The City and Horses – Strange Range


For some unexplainable reason, the sounds of the 70s live in my head in the form of a muscle car lazily driving by the FDR East River Drive, blasting power pop ballads that border into chamber pop. You know ’em: pianos, a little bit of distortion, voices full of yearning and an easy going drum and bass combo.

So, when Strange Range‘s opener ‘Whip’ started with the decisively Player style bass and a wall of guitars followed, I knew I was in for an 1973 Impala Coupe-style ride. The City And Horses are a relatively new band (this is their album) and while there’s that love for 70s harmonies, there is not a single track that comes as aping too much from that rather good decade.

Quirkiness is one of the many surnames The City and Horses have (another one is McChingón) and this comes off perfectly in the sweet ’17’, with its reminiscence of “The sweetest little thing that I’ve ever seen / was you smoking weed at seventeen” and remarks about beach trips, straight edge and all the little mementos that make a slice of life story memorable. Besides, when you have a song called ‘Kawaii dance’, you know the artists embrace their quirkiness like a badge of cool.

But, like that episode of Mythbusters, is this badge of cool bulletproof? Mileage may vary and the more Gargamel-like will and should probably stay away from Strange Range, as it is a collection of sweet (but never saccharinic) songs. But if you enjoy well-made, easy going music, there’s more in this collection. ‘Pretty pretty’ has a Latin vibe, with its peppering of guiro and claves  and ‘Slave’ is a tribalesque surf song, missing just a few vocal harmonies and cans of Hawaiian Punch to make it perfect.
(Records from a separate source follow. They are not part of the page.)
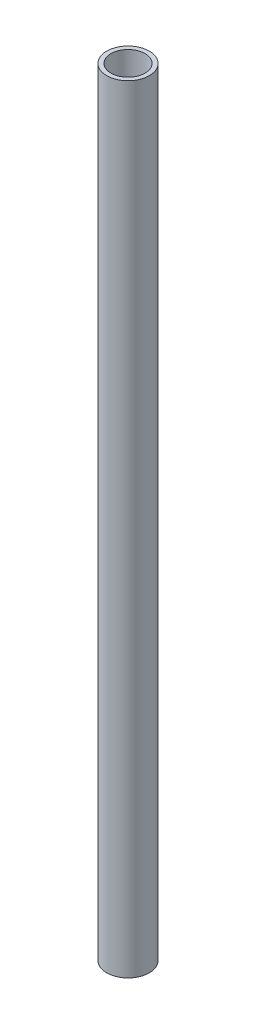
from build123d import *

# Parameters (mm, degrees)
SKETCH1_R           = 16.7005
SKETCH1_R_2         = 13.335
BOSS_EXTRUDE1_DEPTH = 609.6


with BuildPart() as part:
    # Sketch1 → Boss-Extrude1 (new body)
    with BuildSketch(Plane(origin=(0, 0, 0), x_dir=(1, 0, 0), z_dir=(0, 1, 0))):
        with Locations(Location((0, 0, 0), (0, 0, 90))):
            Circle(SKETCH1_R)
        with Locations(Location((0, 0, 0), (0, 0, 90))):
            Circle(SKETCH1_R_2, mode=Mode.SUBTRACT)
    extrude(amount=BOSS_EXTRUDE1_DEPTH)


solid = part.part
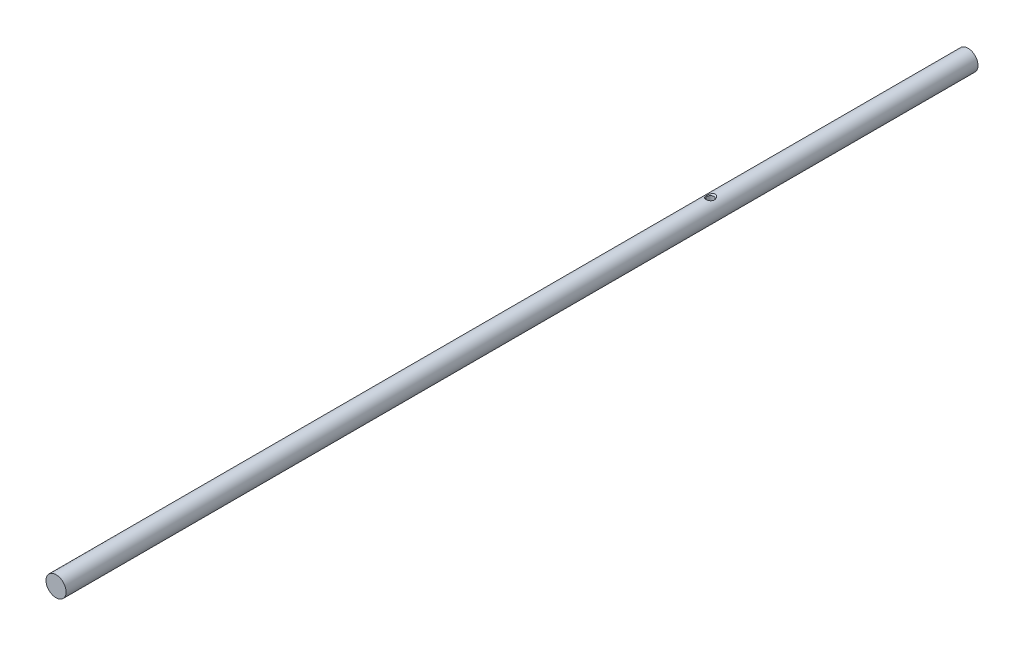
from build123d import *

# Parameters (mm, degrees)
SKETCH1_R           = 4.7625
BOSS_EXTRUDE1_DEPTH = 431.8


with BuildPart() as part:
    # Sketch1 → Boss-Extrude1 (new body)
    with BuildSketch(Plane.XY):
        Circle(SKETCH1_R)
    extrude(amount=BOSS_EXTRUDE1_DEPTH)

    # Sketch3 → 1/8 (0.125) Press Dowel Hole1 (revolve, cut)
    with BuildSketch(Plane(origin=(0, 4.7625, 121.92), x_dir=(0, 0, 1), z_dir=(1, 0, 0))):
        Polygon((0, 0), (0, 9.525), (1.5875, 9.525), (1.5875, 0.635), (2.2225, 0), align=None)
    revolve(axis=Axis((0, 11.1125, 121.92), (0, -1, 0)), mode=Mode.SUBTRACT)


solid = part.part
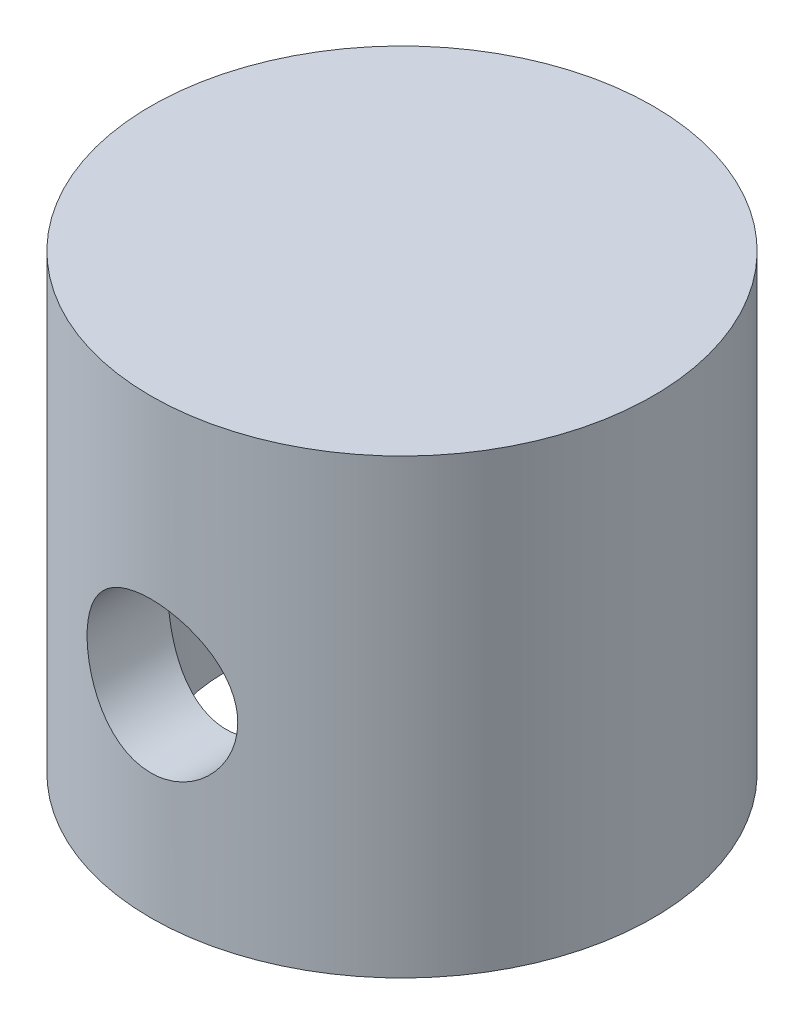
from build123d import *

# Parameters (mm, degrees)
SKETCH1_R               = 10
BOSS_EXTRUDE1_DEPTH     = 18
SKETCH2_R               = 7
CUT_EXTRUDE1_DEPTH      = 15
CUT_EXTRUDE3_DEPTH      = 23.891046285
CUT_EXTRUDE3_DEPTH_BACK = 23.891046285
SKETCH4_R               = 3
FILLET1_R               = 1


with BuildPart() as part:
    # Sketch1 → Boss-Extrude1 (new body)
    with BuildSketch(Plane(origin=(0, 0, 0), x_dir=(1, 0, 0), z_dir=(0, 1, 0))):
        with Locations(Location((0, 0, 0), (0, 0, 270))):
            Circle(SKETCH1_R)
    extrude(amount=BOSS_EXTRUDE1_DEPTH)

    # Sketch2 → Cut-Extrude1 (cut)
    with BuildSketch(Plane(origin=(0, 0, 0), x_dir=(-1, 0, 0), z_dir=(0, -1, 0))):
        with Locations(Location((0, 0, 0), (0, 0, 90))):
            Circle(SKETCH2_R)
    extrude(amount=-CUT_EXTRUDE1_DEPTH, mode=Mode.SUBTRACT)

    # Sketch4 → Cut-Extrude3 (cut, two sides: drawn at the far end of the back side and taken through both)
    with BuildSketch(Plane.XY.offset(-CUT_EXTRUDE3_DEPTH_BACK)):
        with Locations((0, 8)):
            Circle(SKETCH4_R)
    extrude(amount=CUT_EXTRUDE3_DEPTH + CUT_EXTRUDE3_DEPTH_BACK, mode=Mode.SUBTRACT)

    # Fillet1
    fillet1_edges = [part.edges().sort_by_distance(p)[0] for p in [
        (0, 15, 7),
    ]]
    fillet(fillet1_edges, radius=FILLET1_R)


solid = part.part

Now, don’t think this is a funkathon, as the 70s also had a scene called alt-country, which mixed the elements of free range country with the acerbic observations of rock. ‘Strange Range’, ‘My strange ways’ and ‘All of these things’ are forays into this genre. Some songs experiment with pop electronics, like the dancey ‘Re-inking’ and the out-there mad ‘Kawaii dance’.

It’s easy to dial home to any decade past and copy the blueprints of what constituted hits back then. It takes a proper musical scientist to distill the essence after thoroughly stage-digesting musical samples. What The City and Horses accomplish in Strange Range is a master thesis in 70s music without losing an ounce of originality.